Cuando recuerdo todo esto, reina Dido, siento desfallecer mi ánimo. Me arden en el corazón las palabras que
pronunció Laocoonte, el sacerdote de Neptuno, cuando vio aquel caballo y le dijeron que era una ofrenda a la
diosa Minerva: “Yo temo al griego aunque presente dones”, respondió, arrojando su lanza contra él. También
Casandra, mi prima, advirtió a su padre el rey Príamo y a todos cuantos hallaba por las calles que se trataba
de una trampa, que el vientre del caballo estaba repleto de soldados griegos. Nadie la creyó. Troya estaba
exultante de gozo, enloquecida, y ni yo mismo, con toda clase de ruegos y razones, apelando a la cautela
necesaria un buen gobernante, pude persuadir al rey Príamo: ordenó desmontar los portones, piedras y
almenas de la muralla para que pudiera ser arrastrado al interior de la ciudad aquel caballo, esa máquina de
muerte que traía en sus entrañas nuestra ruina.

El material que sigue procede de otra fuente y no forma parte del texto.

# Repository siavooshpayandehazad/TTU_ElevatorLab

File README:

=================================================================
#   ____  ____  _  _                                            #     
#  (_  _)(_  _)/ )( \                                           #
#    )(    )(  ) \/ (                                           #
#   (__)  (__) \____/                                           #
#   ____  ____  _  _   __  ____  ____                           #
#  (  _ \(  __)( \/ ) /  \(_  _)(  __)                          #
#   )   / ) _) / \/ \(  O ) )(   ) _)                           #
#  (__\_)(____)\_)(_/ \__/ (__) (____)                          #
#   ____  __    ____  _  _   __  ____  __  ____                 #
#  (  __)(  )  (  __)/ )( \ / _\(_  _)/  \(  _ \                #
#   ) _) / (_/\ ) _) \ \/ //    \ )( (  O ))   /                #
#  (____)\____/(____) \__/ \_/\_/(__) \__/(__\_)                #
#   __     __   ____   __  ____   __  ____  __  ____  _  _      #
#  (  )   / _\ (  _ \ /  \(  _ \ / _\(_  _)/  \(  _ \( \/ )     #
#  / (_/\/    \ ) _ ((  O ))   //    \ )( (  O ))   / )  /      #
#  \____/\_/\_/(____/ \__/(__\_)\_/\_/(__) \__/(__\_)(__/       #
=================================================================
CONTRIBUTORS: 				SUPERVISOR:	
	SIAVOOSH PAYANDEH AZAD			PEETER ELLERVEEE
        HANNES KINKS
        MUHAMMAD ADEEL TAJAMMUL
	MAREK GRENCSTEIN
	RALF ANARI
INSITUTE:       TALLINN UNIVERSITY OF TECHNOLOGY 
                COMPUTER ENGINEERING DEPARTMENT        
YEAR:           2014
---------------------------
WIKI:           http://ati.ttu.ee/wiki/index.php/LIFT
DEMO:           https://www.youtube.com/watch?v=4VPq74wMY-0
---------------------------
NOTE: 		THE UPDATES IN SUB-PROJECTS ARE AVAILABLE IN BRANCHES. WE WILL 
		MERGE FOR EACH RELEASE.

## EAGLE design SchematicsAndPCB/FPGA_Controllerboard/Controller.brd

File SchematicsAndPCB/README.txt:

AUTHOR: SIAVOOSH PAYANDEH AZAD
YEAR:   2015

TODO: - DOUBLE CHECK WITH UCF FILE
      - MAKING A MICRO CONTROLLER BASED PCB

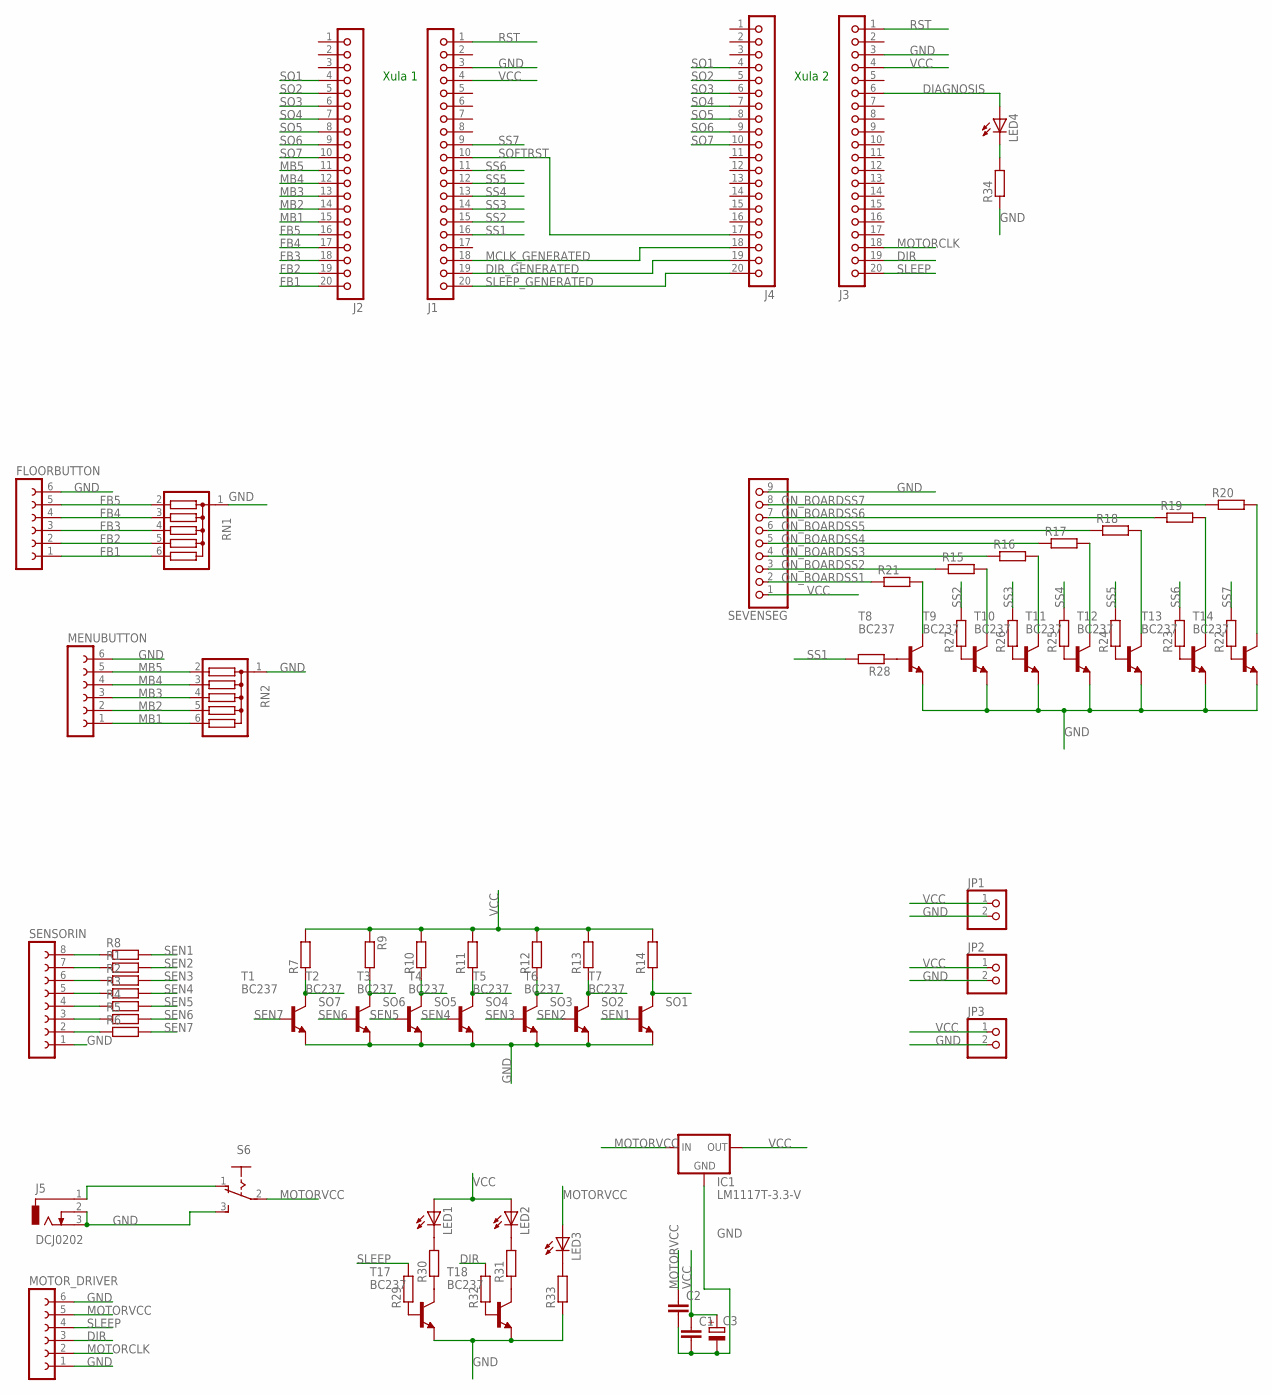
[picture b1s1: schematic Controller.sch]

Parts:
C1, C2: C-EU025-025X050; C025-025X050
C3: CPOL-EUE3.5-8; E3,5-8
FLOORBUTTON: FE06-1; FE06
IC1: LM1117T-3.3-V; TO220V
J1, J2, J3, J4: JBK20
J5: DCJ0202
JP1, JP2, JP3: PINHD-1X2; 1X02
LED1, LED2, LED3, LED4: LED3MM
MENUBUTTON: FE06-1; FE06
MOTOR_DRIVER: FE06-1; FE06
R1, R2, R3, R4, R5, R6, R7, R8, R9, R10, R11, R12, R13, R14, R15, R16, R17, R18, R19, R20, R21, R22, R23, R24, R25, R26, R27, R28, R29, R30, R31, R32, R33, R34: R-EU_0204/5; 0204/5
RN1, RN2: G05R; SIL6
S6: 255SB
SENSORIN: FE08-1; FE08
SEVENSEG: PINHD-1X9; 1X09-BIG
T1, T2, T3, T4, T5, T6, T7, T8, T9, T10, T11, T12, T13, T14, T17, T18: BC237; TO92

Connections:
DIAGNOSIS: J3.6, LED4.A
DIR: J3.19, MOTOR_DRIVER.3, R32.2
DIR_GENERATED: J1.19, J4.19
FB1: FLOORBUTTON.1, J2.20, RN1.6
FB2: FLOORBUTTON.2, J2.19, RN1.5
FB3: FLOORBUTTON.3, J2.18, RN1.4
FB4: FLOORBUTTON.4, J2.17, RN1.3
FB5: FLOORBUTTON.5, J2.16, RN1.2
GND: C1.2, C2.2, C3.-, FLOORBUTTON.6, IC1.1 (GND), J1.3, J3.3, J5.2, J5.3, JP1.2, JP2.2, JP3.2, MENUBUTTON.6, MOTOR_DRIVER.1, MOTOR_DRIVER.6, R33.1, R34.1, RN1.1, RN2.1, S6.3 (S), SENSORIN.1, SEVENSEG.9, T1.1 (E), T2.1 (E), T3.1 (E), T4.1 (E), T5.1 (E), T6.1 (E), T7.1 (E), T8.1 (E), T9.1 (E), T10.1 (E), T11.1 (E), T12.1 (E), T13.1 (E), T14.1 (E), T17.1 (E), T18.1 (E)
MB1: J2.15, MENUBUTTON.1, RN2.6
MB2: J2.14, MENUBUTTON.2, RN2.5
MB3: J2.13, MENUBUTTON.3, RN2.4
MB4: J2.12, MENUBUTTON.4, RN2.3
MB5: J2.11, MENUBUTTON.5, RN2.2
MCLK_GENERATED: J1.18, J4.18
MOTORCLK: J3.18, MOTOR_DRIVER.2
MOTORVCC: C2.1, IC1.3 (IN), LED3.A, MOTOR_DRIVER.5, S6.2
unnamed: R2.1, SENSORIN.6
unnamed: R21.2, T8.3 (C)
unnamed: LED4.K (C), R34.2
unnamed: R15.2, T9.3 (C)
unnamed: R16.2, T10.3 (C)
unnamed: R17.2, T11.3 (C)
unnamed: R18.2, T12.3 (C)
unnamed: R19.2, T13.3 (C)
unnamed: R5.1, SENSORIN.3
unnamed: R4.1, SENSORIN.4
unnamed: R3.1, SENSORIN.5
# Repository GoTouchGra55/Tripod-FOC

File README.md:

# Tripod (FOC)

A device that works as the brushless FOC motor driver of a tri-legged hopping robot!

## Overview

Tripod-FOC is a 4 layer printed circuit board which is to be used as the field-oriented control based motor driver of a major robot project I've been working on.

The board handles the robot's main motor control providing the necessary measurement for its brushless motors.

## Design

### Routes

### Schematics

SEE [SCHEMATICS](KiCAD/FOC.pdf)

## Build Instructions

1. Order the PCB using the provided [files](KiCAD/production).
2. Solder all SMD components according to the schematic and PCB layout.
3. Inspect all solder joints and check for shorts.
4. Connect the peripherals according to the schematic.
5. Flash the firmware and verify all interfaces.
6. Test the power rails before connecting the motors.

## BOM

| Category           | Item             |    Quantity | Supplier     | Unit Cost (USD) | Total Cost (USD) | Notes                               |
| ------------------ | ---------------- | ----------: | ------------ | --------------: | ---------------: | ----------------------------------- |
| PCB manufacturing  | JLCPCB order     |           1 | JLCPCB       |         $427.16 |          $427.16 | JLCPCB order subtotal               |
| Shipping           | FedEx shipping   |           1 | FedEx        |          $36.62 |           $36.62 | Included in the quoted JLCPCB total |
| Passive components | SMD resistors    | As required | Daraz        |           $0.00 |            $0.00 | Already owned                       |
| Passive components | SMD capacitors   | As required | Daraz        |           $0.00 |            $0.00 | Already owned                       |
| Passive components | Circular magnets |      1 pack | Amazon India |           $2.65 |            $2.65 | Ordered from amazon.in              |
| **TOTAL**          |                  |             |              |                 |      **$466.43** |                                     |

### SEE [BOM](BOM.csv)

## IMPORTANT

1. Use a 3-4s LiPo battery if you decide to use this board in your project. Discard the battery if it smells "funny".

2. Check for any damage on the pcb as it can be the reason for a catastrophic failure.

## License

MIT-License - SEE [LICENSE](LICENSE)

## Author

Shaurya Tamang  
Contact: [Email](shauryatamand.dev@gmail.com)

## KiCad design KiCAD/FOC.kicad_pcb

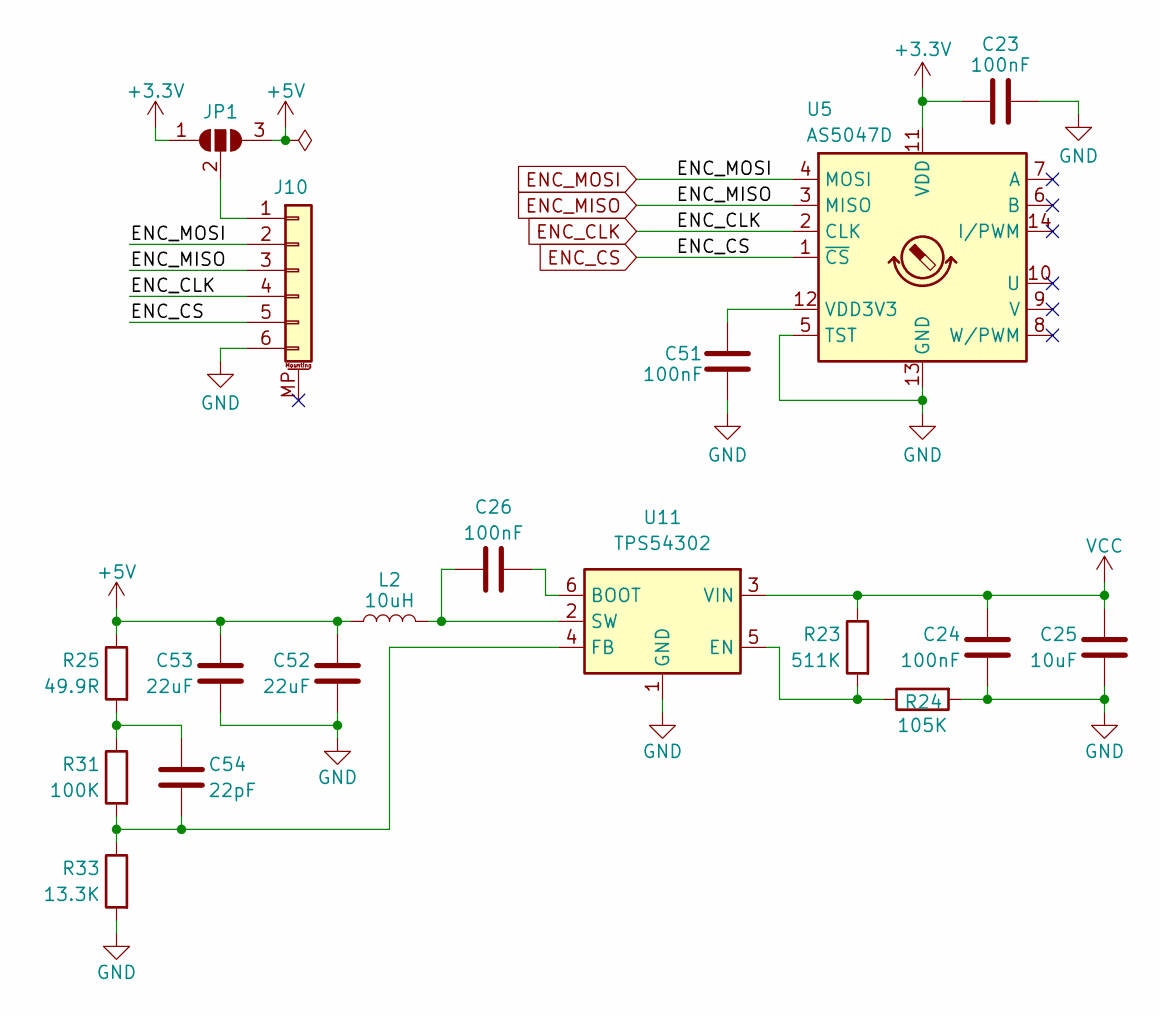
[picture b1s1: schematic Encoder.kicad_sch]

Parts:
C23, C24, C26, C51: 100nF; C_0402_1005Metric
C25: 10uF; C_0603_1608Metric
C52, C53: 22uF; C_0603_1608Metric
C54: 22pF; C_0402_1005Metric
J10: Conn_01x06_MountingPin; JST_SH_SM06B-SRSS-TB_1x06-1MP_P1.00mm_Horizontal
JP1: SolderJumper_3_Open; SolderJumper-3_P1.3mm_Open_Pad1.0x1.5mm_NumberLabels
L2: 10uH; L_Cenker_CKCS3012
R23: 511K; R_0603_1608Metric
R24: 105K; R_0603_1608Metric
R25: 49.9R; R_0402_1005Metric
R31: 100K; R_0603_1608Metric
R33: 13.3K; R_0603_1608Metric
U5: AS5047D; TSSOP-14_4.4x5mm_P0.65mm
U11: TPS54302; SOT-23-6

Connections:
+3.3V: C23.1, JP1.1 (A), U5.11 (VDD); also elsewhere on the board
+5V: C52.1, C53.1, JP1.3 (B), L2.2, R25.1; also elsewhere on the board
ENC_CLK: J10.4, U5.2 (CLK); also elsewhere on the board
ENC_CS: J10.5, U5.1 (~CS); also elsewhere on the board
ENC_MISO: J10.3, U5.3 (MISO); also elsewhere on the board
ENC_MOSI: J10.2, U5.4 (MOSI); also elsewhere on the board
GND: C23.2, C24.2, C25.2, C51.1, C52.2, C53.2, J10.6, R24.2, R33.2, U5.5 (TST), U5.13 (GND), U11.1 (GND); also elsewhere on the board
unnamed: C54.1, R25.2, R31.1
unnamed: J10.1, JP1.2 (C)
unnamed: C51.2, U5.12 (VDD3V3)
unnamed: C26.1, U11.6 (BOOT)
unnamed: R23.2, R24.1, U11.5 (EN)
unnamed: C54.2, R31.2, R33.1, U11.4 (FB)
unnamed: C26.2, L2.1, U11.2 (SW)
VCC: C24.1, C25.1, R23.1, U11.3 (VIN); also elsewhere on the board

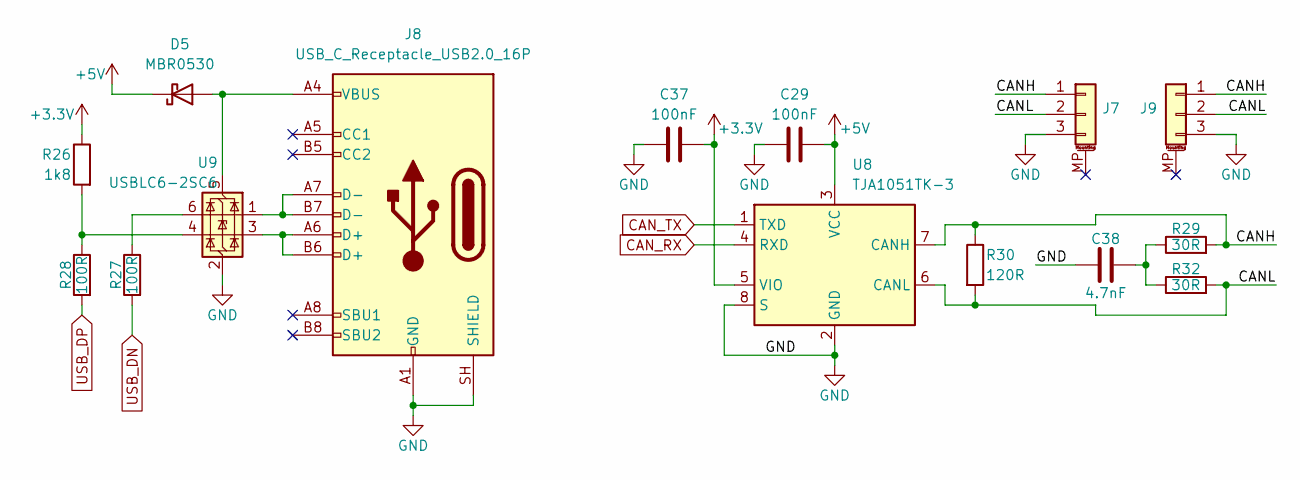
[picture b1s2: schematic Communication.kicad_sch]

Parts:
C29, C37: 100nF; C_0402_1005Metric
C38: 4.7nF; C_0402_1005Metric
D5: MBR0530; D_SOD-123; LCSC Part # C5204746
J7, J9: Conn_01x03_MountingPin; JST_SH_SM03B-SRSS-TB_1x03-1MP_P1.00mm_Horizontal
J8: USB_C_Receptacle_USB2.0_16P; USB_C_Receptacle_GCT_USB4105-xx-A_16P_TopMnt_Horizontal
R26: 1k8; R_0402_1005Metric; LCSC Part # C163481
R27, R28: 100R; R_0402_1005Metric; LCSC Part # C705627
R29, R32: 30R; R_0402_1005Metric; LCSC Part # C852718
R30: 120R; R_0402_1005Metric; LCSC Part # C125925
U8: TJA1051TK-3; HVSON-8-1EP_3x3mm_P0.65mm_EP1.6x2.4mm
U9: USBLC6-2SC6; SOT-23-6; LCSC Part # C2827654

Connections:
+3.3V: C37.2, R26.1, U8.5 (VIO); also elsewhere on the board
+5V: C29.2, D5.1 (K), U8.3 (VCC); also elsewhere on the board
/Communication/CANH: J7.1, J9.1, R29.2, R30.1, U8.7 (CANH)
/Communication/CANL: J7.2, J9.2, R30.2, R32.2, U8.6 (CANL)
CAN_RX: U8.4 (RXD); also elsewhere on the board
CAN_TX: U8.1 (TXD); also elsewhere on the board
GND: C29.1, C37.1, C38.1, J7.3, J8.A1 (GND), J8.A12 (GND), J8.B1 (GND), J8.B12 (GND), J8.SH (SHIELD), J9.3, U8.2 (GND), U8.8 (S), U8.9 (GND), U9.2 (GND); also elsewhere on the board
unnamed: C38.2, R29.1, R32.1
unnamed: D5.2 (A), J8.A4 (VBUS), J8.A9 (VBUS), J8.B4 (VBUS), J8.B9 (VBUS), U9.5 (VBUS)
unnamed: J8.A6 (D+), J8.B6 (D+), U9.3 (I/O2)
unnamed: J8.A7 (D-), J8.B7 (D-), U9.1 (I/O1)
unnamed: R26.2, R28.1, U9.4 (I/O2)
unnamed: R27.1, U9.6 (I/O1)
USB_DN: R27.2; also elsewhere on the board
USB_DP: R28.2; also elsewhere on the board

Laocoonte se había dirigido al templo de Neptuno a ofrecerle un sacrificio, cuando una gran serpiente de
doble cabeza salió del mar, echando espuma por sus fauces. Arrastró su piel asquerosa por la arena y se
dirigió hacia el santuario de Neptuno mientras los troyanos huían espantados. Allí, tomándolos por sorpresa,
con sus letales anillos apresó a los dos hijos de Laocoonte y al propio sacerdote. Se oyó el crujir de los
huesos de aquellos infelices, sus aullidos de pánico y dolor, la desesperación de Laocoonte al comprender que
no podría librar a sus hijos de una muerte tan terrible mientras él mismo se debatía para deshacerse del
abrazo del monstruo, la boca abierta como una oscura cueva, los ojos desorbitados de horror.
Los troyanos creyeron que era un castigo por haber arrojado su lanza contra el caballo de los griegos, y
redoblaron los esfuerzos para meterlo cuanto antes en Troya.